- Exercise
Give the number of lines below that hold "CONTINUOUS", and only that.

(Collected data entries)
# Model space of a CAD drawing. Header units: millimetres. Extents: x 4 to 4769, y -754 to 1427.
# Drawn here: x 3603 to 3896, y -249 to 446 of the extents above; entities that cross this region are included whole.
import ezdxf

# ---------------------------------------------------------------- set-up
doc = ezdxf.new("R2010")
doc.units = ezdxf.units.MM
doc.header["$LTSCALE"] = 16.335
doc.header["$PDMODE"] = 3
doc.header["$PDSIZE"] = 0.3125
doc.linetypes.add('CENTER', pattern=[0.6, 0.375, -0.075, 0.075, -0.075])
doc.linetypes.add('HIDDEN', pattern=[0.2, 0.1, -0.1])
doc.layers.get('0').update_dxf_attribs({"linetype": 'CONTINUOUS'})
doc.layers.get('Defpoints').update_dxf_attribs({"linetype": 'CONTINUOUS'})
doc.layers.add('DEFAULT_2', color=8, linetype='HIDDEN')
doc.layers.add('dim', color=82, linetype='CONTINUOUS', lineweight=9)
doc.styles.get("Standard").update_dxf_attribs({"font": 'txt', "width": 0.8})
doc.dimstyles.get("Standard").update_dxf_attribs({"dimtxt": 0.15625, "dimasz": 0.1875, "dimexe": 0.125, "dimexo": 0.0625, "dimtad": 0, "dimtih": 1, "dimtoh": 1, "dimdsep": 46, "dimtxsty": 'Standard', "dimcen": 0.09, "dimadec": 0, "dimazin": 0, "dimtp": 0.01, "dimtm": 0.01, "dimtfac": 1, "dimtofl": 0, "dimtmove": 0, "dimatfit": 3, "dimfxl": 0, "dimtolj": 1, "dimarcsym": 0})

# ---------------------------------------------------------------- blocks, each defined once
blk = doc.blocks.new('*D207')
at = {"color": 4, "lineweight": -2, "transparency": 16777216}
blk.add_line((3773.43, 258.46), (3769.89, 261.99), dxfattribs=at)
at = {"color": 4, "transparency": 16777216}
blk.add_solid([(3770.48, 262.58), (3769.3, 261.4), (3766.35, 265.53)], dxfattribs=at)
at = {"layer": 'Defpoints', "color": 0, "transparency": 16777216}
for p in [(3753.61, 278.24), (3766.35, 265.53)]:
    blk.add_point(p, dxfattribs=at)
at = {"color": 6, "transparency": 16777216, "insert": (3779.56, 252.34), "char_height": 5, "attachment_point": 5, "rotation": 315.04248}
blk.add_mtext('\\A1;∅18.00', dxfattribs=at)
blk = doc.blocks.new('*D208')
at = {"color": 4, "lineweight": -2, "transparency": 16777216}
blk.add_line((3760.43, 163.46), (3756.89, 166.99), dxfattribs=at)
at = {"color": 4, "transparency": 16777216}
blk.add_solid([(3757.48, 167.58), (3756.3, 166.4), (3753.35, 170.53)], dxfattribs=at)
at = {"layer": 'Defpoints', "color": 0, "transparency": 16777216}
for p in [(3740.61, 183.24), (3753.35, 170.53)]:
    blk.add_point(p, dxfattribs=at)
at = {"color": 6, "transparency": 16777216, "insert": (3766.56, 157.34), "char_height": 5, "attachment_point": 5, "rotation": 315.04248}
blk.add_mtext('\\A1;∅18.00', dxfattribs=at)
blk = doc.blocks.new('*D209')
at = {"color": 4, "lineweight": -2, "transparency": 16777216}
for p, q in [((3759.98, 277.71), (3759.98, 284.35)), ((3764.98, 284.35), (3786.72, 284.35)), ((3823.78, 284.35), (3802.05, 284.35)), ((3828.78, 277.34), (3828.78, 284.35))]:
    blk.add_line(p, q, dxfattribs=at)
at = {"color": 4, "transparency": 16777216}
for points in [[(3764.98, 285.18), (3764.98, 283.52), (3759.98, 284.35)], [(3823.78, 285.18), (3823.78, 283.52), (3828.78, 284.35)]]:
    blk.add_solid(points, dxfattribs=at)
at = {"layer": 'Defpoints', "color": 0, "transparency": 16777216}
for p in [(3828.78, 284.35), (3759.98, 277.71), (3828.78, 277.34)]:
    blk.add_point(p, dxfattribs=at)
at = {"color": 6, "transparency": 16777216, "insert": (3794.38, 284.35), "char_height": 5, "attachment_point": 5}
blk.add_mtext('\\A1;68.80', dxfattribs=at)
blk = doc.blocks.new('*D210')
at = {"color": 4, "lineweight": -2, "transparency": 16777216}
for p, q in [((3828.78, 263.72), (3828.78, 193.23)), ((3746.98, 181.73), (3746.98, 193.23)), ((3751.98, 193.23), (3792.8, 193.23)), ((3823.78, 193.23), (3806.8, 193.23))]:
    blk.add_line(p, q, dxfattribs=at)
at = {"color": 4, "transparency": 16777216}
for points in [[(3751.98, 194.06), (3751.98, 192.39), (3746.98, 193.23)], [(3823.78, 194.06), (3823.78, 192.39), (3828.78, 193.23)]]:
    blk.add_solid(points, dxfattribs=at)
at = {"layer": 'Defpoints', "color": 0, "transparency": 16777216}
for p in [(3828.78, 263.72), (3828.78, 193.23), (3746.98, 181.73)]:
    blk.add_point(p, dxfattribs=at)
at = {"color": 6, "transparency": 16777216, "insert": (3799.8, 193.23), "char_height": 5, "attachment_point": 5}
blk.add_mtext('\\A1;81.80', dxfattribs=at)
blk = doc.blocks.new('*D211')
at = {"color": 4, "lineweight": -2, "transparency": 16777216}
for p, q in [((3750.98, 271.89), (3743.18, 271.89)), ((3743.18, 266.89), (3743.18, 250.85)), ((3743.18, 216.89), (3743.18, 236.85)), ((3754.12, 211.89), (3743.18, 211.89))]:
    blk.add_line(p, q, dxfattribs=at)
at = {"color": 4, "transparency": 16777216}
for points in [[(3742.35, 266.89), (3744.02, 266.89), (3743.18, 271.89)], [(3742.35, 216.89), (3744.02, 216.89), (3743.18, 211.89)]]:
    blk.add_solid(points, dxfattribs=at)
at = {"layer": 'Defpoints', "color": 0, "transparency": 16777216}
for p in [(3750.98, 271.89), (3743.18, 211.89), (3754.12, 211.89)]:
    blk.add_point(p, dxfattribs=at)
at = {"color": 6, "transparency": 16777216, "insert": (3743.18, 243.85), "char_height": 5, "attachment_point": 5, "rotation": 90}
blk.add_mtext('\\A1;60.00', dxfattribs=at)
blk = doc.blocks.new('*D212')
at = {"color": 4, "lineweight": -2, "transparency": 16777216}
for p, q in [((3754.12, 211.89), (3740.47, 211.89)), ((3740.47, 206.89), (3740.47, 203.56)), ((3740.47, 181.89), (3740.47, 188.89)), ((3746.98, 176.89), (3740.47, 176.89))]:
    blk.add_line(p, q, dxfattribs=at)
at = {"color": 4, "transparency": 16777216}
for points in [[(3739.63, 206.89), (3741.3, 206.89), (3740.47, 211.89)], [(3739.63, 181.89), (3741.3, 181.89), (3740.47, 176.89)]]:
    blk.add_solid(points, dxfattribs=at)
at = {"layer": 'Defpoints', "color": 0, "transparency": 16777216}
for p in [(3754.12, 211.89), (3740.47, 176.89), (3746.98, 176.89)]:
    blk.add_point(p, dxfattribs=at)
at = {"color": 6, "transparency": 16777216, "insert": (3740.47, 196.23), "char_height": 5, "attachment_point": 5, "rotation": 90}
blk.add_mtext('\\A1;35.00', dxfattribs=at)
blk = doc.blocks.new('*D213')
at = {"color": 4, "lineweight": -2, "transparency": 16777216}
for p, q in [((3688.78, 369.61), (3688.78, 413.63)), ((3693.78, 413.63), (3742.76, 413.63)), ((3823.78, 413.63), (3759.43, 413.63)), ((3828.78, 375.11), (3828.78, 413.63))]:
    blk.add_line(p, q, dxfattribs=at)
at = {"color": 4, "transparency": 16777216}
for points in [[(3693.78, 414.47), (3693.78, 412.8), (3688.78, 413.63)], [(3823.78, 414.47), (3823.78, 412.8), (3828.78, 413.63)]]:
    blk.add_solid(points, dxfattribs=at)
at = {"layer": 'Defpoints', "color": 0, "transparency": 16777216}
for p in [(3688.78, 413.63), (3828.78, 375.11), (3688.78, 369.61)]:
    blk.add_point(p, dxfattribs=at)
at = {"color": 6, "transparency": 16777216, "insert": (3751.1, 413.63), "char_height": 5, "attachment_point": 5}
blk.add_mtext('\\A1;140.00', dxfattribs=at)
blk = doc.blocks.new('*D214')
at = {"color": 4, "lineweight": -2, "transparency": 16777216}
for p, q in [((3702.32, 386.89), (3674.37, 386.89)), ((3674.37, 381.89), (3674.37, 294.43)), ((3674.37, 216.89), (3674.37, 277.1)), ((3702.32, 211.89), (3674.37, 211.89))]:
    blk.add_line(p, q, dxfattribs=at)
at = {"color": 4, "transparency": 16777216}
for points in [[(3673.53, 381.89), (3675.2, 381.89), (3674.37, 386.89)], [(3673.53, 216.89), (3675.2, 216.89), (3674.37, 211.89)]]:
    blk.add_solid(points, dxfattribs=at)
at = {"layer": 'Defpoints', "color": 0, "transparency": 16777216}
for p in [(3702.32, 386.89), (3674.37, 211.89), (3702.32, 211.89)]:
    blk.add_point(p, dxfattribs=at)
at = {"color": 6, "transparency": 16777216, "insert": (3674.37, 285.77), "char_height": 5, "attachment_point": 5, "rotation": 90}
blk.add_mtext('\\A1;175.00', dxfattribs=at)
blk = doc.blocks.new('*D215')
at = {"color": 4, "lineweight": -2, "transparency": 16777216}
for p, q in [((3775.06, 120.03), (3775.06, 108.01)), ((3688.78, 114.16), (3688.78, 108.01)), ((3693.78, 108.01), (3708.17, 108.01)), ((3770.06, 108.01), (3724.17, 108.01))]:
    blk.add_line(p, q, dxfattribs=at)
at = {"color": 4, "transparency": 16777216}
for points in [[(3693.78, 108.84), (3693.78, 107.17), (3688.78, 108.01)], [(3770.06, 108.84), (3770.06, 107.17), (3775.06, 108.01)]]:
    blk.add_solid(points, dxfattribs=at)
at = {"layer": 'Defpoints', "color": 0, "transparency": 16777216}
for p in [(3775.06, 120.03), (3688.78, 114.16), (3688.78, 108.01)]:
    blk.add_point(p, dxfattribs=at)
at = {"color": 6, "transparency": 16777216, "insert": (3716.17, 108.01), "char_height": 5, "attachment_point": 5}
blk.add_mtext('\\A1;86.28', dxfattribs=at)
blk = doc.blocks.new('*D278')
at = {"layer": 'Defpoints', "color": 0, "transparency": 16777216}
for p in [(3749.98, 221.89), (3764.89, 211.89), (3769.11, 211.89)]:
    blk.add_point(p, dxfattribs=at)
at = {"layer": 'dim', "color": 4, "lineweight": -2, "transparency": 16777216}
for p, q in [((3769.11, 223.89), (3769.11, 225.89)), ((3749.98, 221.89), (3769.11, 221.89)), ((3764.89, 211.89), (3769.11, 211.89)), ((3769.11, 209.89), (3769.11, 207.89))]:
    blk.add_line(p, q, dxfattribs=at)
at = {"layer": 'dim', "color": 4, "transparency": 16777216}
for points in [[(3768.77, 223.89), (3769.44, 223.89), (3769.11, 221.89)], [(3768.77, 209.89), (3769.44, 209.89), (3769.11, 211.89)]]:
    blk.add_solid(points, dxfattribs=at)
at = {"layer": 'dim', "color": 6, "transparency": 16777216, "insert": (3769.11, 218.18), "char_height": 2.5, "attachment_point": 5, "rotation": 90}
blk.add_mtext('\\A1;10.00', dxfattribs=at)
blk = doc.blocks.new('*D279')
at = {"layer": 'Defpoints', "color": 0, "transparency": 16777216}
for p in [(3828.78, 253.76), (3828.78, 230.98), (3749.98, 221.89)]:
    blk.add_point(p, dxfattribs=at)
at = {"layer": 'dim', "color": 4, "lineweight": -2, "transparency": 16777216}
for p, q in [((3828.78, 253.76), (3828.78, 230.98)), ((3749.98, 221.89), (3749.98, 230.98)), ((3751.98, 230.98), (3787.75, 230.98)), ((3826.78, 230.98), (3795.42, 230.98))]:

- Response to the exercise
3